The greatest changes in the optic flow field involve peripheral vision. Furthermore, vection induces a compensatory postural response intended to reduce these changes occurring in the optic flow (Kawakita et al.,
2000; Kuno et al.,
1999; Lestienne et al.,
1977; van Asten et al.,
1988). Therefore, when the stimulus is moving, it is coherent to record induced postural responses of greater amplitude when stimulating peripheral vision than when stimulating central vision.
With respect to the texture of the stimuli used in this study, we can assume that the stimulations of central and peripheral retina are similar for spatial frequencies and that cortical representation of the different parts of the stimuli are almost equivalent. Motion, in spite of the velocity gradient in the moving visual scene, appears homogenous (Johnston & Wright,
1986). This suggests that, when the visual system is stimulated with an optic flow, central and peripheral vision are used in a different way for processing visual information and for control of stance than in a static environment.
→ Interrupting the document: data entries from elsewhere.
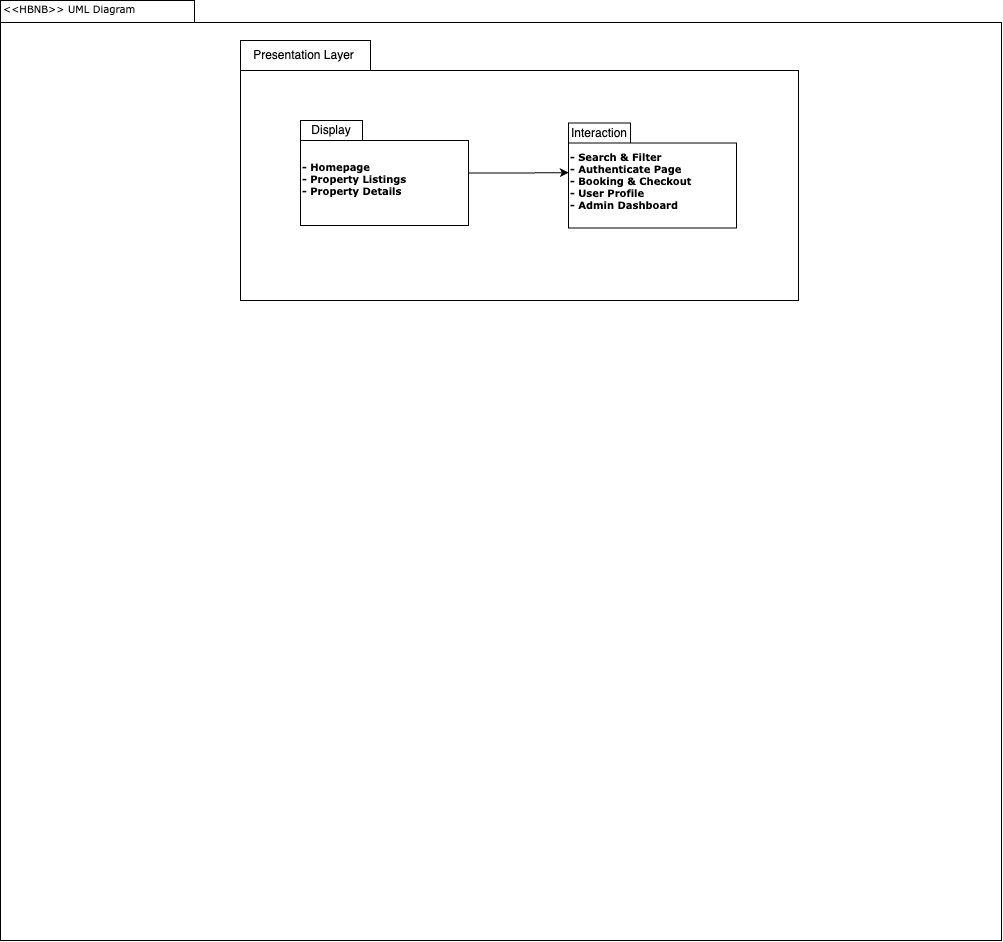

The diagram above was exported from draw.io. Its source (the exported page's mxGraphModel, read from the mxfile embedded in the PNG):
<mxGraphModel dx="1700" dy="452" grid="1" gridSize="10" guides="1" tooltips="1" connect="1" arrows="1" fold="1" page="1" pageScale="1" pageWidth="827" pageHeight="1169" background="none" math="0" shadow="0">
  <root>
    <mxCell id="0" />
    <mxCell id="1" parent="0" />
    <mxCell id="u3K5-VS015qb1gNs6FV6-1" value="" style="shape=folder;fontStyle=1;spacingTop=10;tabWidth=194;tabHeight=22;tabPosition=left;html=1;rounded=0;shadow=0;comic=0;labelBackgroundColor=none;strokeWidth=1;fillColor=none;fontFamily=Verdana;fontSize=10;align=center;movable=0;resizable=0;rotatable=0;deletable=0;editable=0;locked=1;connectable=0;" vertex="1" parent="1">
      <mxGeometry x="-540" y="890" width="1001" height="940" as="geometry" />
    </mxCell>
    <mxCell id="u3K5-VS015qb1gNs6FV6-2" value="" style="shape=folder;fontStyle=1;spacingTop=10;tabWidth=130;tabHeight=30;tabPosition=left;html=1;rounded=0;shadow=0;comic=0;labelBackgroundColor=none;strokeColor=#000000;strokeWidth=1;fillColor=#ffffff;fontFamily=Verdana;fontSize=10;fontColor=#000000;align=center;movable=0;resizable=0;rotatable=0;deletable=0;editable=0;locked=1;connectable=0;" vertex="1" parent="1">
      <mxGeometry x="-300" y="930" width="557.92" height="260" as="geometry" />
    </mxCell>
    <mxCell id="u3K5-VS015qb1gNs6FV6-3" value="&amp;lt;&amp;lt;HBNB&amp;gt;&amp;gt; UML Diagram" style="text;html=1;align=left;verticalAlign=top;spacingTop=-4;fontSize=10;fontFamily=Verdana" vertex="1" parent="1">
      <mxGeometry x="-539" y="890" width="130" height="20" as="geometry" />
    </mxCell>
    <mxCell id="u3K5-VS015qb1gNs6FV6-4" value="Presentation Layer" style="text;html=1;align=center;verticalAlign=middle;whiteSpace=wrap;rounded=0;" vertex="1" parent="1">
      <mxGeometry x="-290" y="930" width="107" height="30" as="geometry" />
    </mxCell>
    <mxCell id="u3K5-VS015qb1gNs6FV6-5" value="- Homepage&lt;div&gt;- Property Listings&lt;/div&gt;&lt;div&gt;- Property Details&lt;/div&gt;" style="shape=folder;fontStyle=1;spacingTop=10;tabWidth=62;tabHeight=20;tabPosition=left;html=1;rounded=0;shadow=0;comic=0;labelBackgroundColor=none;strokeColor=#000000;strokeWidth=1;fillColor=#ffffff;fontFamily=Verdana;fontSize=10;fontColor=#000000;align=left;" vertex="1" parent="1">
      <mxGeometry x="-240" y="1010" width="168" height="105" as="geometry" />
    </mxCell>
    <mxCell id="u3K5-VS015qb1gNs6FV6-6" value="Display" style="text;html=1;align=center;verticalAlign=middle;whiteSpace=wrap;rounded=0;" vertex="1" parent="1">
      <mxGeometry x="-239" y="1005" width="60" height="30" as="geometry" />
    </mxCell>
    <mxCell id="u3K5-VS015qb1gNs6FV6-7" value="" style="group" vertex="1" connectable="0" parent="1">
      <mxGeometry x="28" y="1007.5" width="168" height="110" as="geometry" />
    </mxCell>
    <mxCell id="u3K5-VS015qb1gNs6FV6-8" value="- Search &amp;amp; Filter&lt;div&gt;- Authenticate Page&lt;/div&gt;&lt;div&gt;- Booking &amp;amp; Checkout&lt;/div&gt;&lt;div&gt;- User Profile&lt;/div&gt;&lt;div&gt;- Admin Dashboard&lt;/div&gt;" style="shape=folder;fontStyle=1;spacingTop=10;tabWidth=62;tabHeight=20;tabPosition=left;html=1;rounded=0;shadow=0;comic=0;labelBackgroundColor=none;strokeColor=#000000;strokeWidth=1;fillColor=#ffffff;fontFamily=Verdana;fontSize=10;fontColor=#000000;align=left;" vertex="1" parent="u3K5-VS015qb1gNs6FV6-7">
      <mxGeometry y="5" width="168" height="105" as="geometry" />
    </mxCell>
    <mxCell id="u3K5-VS015qb1gNs6FV6-9" value="Interaction" style="text;html=1;align=center;verticalAlign=middle;whiteSpace=wrap;rounded=0;" vertex="1" parent="u3K5-VS015qb1gNs6FV6-7">
      <mxGeometry x="1" width="60" height="30" as="geometry" />
    </mxCell>
    <mxCell id="u3K5-VS015qb1gNs6FV6-10" style="edgeStyle=orthogonalEdgeStyle;rounded=0;orthogonalLoop=1;jettySize=auto;html=1;entryX=0.002;entryY=0.473;entryDx=0;entryDy=0;entryPerimeter=0;" edge="1" parent="1" source="u3K5-VS015qb1gNs6FV6-5" target="u3K5-VS015qb1gNs6FV6-8">
      <mxGeometry relative="1" as="geometry" />
    </mxCell>
  </root>
</mxGraphModel>

Therefore, respective contributions of central and peripheral vision seem to be related to relative magnitude of changes of the optic flow. While peripheral vision contributes to compensatory sway (Kawakita et al.,
2000; Kuno et al.,
1999; Lestienne et al.,
1977; van Asten et al.,
1988), central vision seems to contribute to postural stability. When comparing postural responses (BSA) for peripheral and full visual field conditions, there are no significant differences. If central vision had a more important role in postural reactivity BSA should have been lower during FF condition. Such results were observed by Previc and Neel (
1995); they found postural responses to be of greater amplitude when stimulating peripheral vision as compared with full field stimulation.
When moving linearly, peripheral vision is important for updating the structure of the environment for spatial location, while central vision is important for orientation (Turano, Yu, Hao, & Hicks,
2005). Central and peripheral vision also represent inputs of equal importance in the perception of optic flow (Habak, Casanova, & Faubert,
2002). When immersed in optic flow, visual information may be processed as follows for the control of stance: central vision serves to orientate the response direction, while peripheral vision processes visual information on location and velocity, allowing an adapted postural response to the perceived perturbation.